### [MATERIAL SHOWN]
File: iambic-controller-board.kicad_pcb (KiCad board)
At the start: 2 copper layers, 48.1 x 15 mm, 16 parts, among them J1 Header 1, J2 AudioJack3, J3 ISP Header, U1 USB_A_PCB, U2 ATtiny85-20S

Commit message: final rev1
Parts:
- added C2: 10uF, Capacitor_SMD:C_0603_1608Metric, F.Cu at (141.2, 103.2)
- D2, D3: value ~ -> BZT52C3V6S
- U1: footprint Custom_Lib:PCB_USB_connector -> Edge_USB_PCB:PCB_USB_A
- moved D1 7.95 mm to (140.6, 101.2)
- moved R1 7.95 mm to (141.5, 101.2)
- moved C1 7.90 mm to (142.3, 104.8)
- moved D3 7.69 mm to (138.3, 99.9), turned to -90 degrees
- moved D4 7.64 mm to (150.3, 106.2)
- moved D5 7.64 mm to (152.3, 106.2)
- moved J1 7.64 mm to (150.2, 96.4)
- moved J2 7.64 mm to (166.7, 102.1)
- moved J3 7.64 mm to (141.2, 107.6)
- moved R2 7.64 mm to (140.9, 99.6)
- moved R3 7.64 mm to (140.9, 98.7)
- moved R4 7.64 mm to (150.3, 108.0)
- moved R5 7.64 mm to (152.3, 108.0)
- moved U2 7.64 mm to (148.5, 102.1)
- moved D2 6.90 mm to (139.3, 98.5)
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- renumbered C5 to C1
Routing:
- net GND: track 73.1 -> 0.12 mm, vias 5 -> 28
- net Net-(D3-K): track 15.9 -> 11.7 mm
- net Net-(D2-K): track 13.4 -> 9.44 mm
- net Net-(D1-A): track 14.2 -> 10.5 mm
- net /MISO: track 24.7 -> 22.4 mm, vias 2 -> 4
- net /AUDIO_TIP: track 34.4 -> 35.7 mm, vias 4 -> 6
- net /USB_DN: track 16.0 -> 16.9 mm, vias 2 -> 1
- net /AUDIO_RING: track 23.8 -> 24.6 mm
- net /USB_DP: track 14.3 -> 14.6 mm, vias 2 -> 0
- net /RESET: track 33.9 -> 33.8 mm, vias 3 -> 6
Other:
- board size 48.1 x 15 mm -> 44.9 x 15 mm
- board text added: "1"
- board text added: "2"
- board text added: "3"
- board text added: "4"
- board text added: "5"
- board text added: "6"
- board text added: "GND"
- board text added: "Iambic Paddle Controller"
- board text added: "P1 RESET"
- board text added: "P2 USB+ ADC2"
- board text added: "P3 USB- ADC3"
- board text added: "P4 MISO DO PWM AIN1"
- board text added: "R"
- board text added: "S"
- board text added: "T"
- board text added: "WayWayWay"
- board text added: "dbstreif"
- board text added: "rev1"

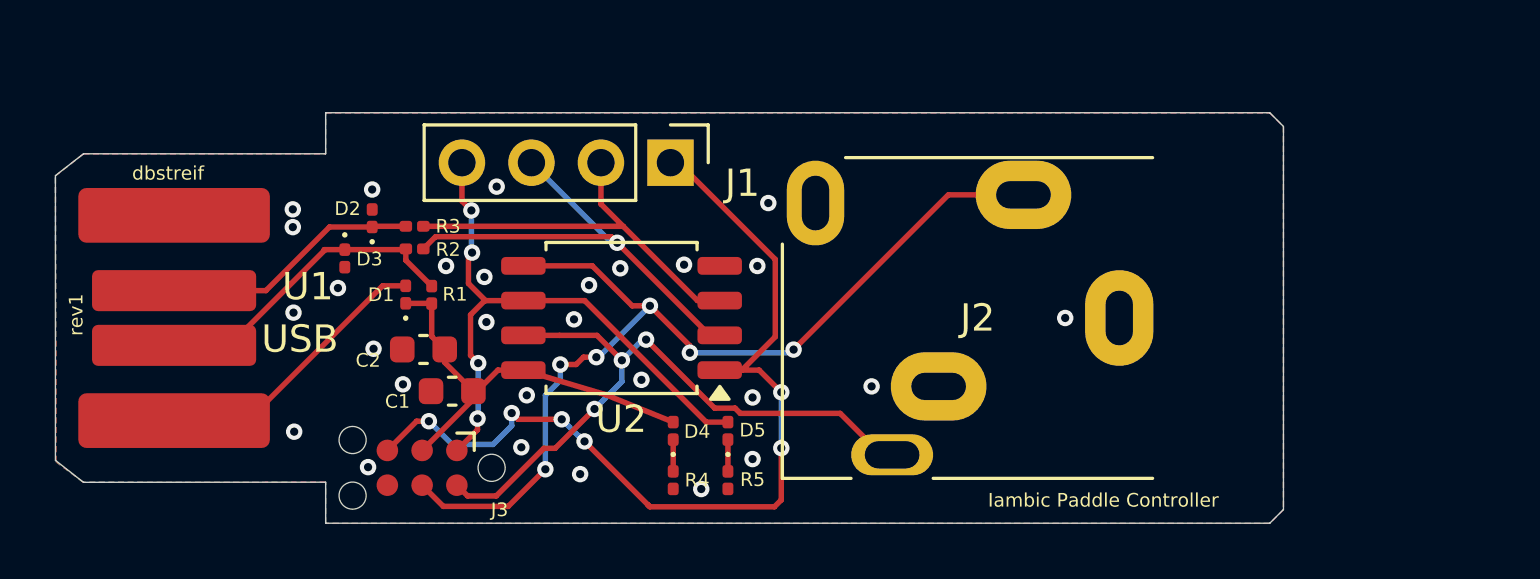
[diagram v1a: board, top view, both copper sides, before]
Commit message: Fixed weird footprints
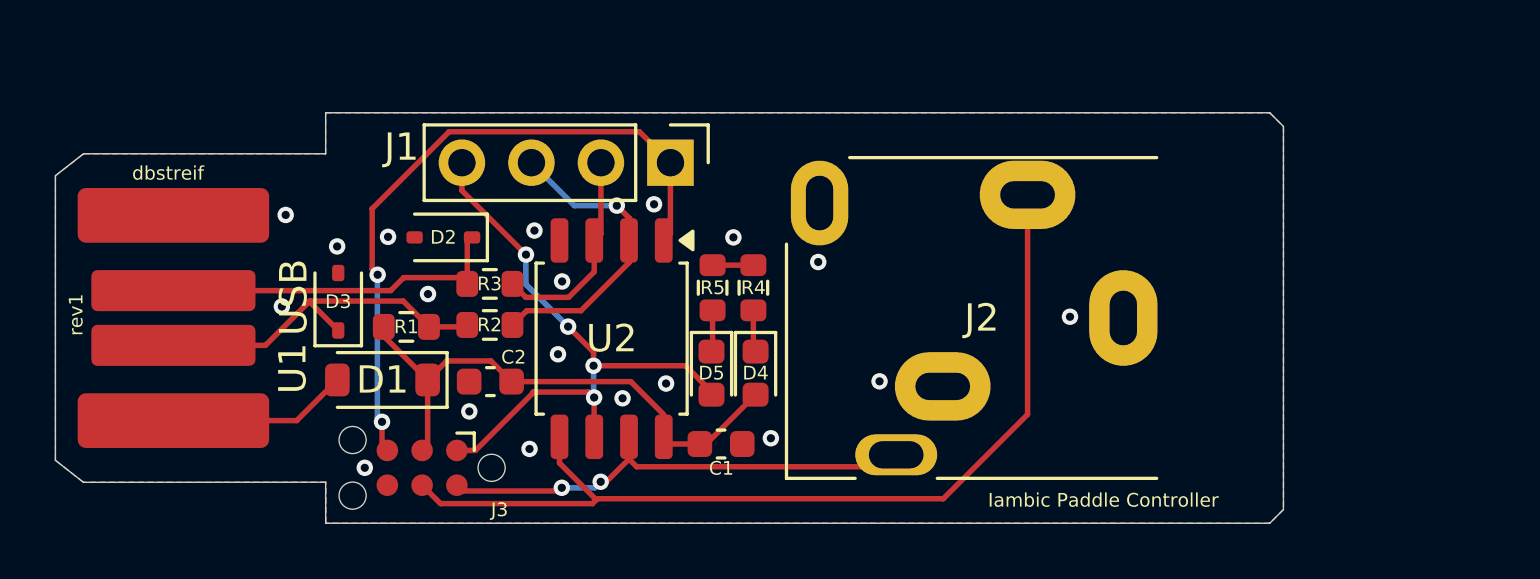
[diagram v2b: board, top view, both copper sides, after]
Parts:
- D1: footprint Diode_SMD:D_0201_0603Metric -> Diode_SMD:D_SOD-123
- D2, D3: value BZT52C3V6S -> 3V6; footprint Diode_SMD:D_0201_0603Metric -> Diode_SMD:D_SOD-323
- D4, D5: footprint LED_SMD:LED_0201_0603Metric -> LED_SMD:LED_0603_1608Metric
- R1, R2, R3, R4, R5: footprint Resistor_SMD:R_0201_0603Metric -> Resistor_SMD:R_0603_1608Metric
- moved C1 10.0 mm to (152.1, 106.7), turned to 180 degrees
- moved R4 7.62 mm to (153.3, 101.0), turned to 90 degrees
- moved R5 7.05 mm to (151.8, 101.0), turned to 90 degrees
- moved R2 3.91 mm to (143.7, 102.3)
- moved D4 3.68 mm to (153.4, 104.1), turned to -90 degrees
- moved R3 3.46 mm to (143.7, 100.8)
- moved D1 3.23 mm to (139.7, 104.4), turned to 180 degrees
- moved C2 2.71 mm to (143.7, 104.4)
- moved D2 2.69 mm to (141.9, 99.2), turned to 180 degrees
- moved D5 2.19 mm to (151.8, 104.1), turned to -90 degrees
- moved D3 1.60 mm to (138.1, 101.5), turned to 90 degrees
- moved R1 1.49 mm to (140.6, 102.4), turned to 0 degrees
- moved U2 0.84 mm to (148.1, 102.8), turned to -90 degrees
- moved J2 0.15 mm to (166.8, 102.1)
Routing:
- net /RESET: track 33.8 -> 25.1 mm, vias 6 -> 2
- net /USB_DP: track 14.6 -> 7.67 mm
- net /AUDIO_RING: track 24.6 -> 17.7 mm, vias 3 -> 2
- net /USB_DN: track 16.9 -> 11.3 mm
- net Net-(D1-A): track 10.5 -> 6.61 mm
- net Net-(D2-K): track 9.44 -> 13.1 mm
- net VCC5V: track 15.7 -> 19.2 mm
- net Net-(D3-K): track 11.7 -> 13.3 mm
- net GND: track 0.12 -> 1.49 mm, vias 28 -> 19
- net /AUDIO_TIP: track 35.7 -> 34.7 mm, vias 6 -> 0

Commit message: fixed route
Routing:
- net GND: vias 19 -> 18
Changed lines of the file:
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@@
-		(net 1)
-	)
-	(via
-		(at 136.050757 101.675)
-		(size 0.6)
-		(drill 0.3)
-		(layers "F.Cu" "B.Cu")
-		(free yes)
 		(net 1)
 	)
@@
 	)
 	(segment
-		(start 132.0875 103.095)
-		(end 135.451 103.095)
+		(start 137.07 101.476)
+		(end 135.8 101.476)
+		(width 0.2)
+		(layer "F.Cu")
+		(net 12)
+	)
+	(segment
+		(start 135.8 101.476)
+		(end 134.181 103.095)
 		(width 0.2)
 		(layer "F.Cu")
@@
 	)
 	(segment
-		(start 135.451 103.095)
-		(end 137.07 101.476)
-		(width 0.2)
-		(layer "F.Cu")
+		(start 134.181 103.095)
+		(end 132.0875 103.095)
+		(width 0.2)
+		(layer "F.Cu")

### [REQUIRED WORK]
Lines in the listing above that contain the word "sides" must be copied; leave out the rest.

### [RESULT]
[diagram v1a: board, top view, both copper sides, before]
[diagram v2b: board, top view, both copper sides, after]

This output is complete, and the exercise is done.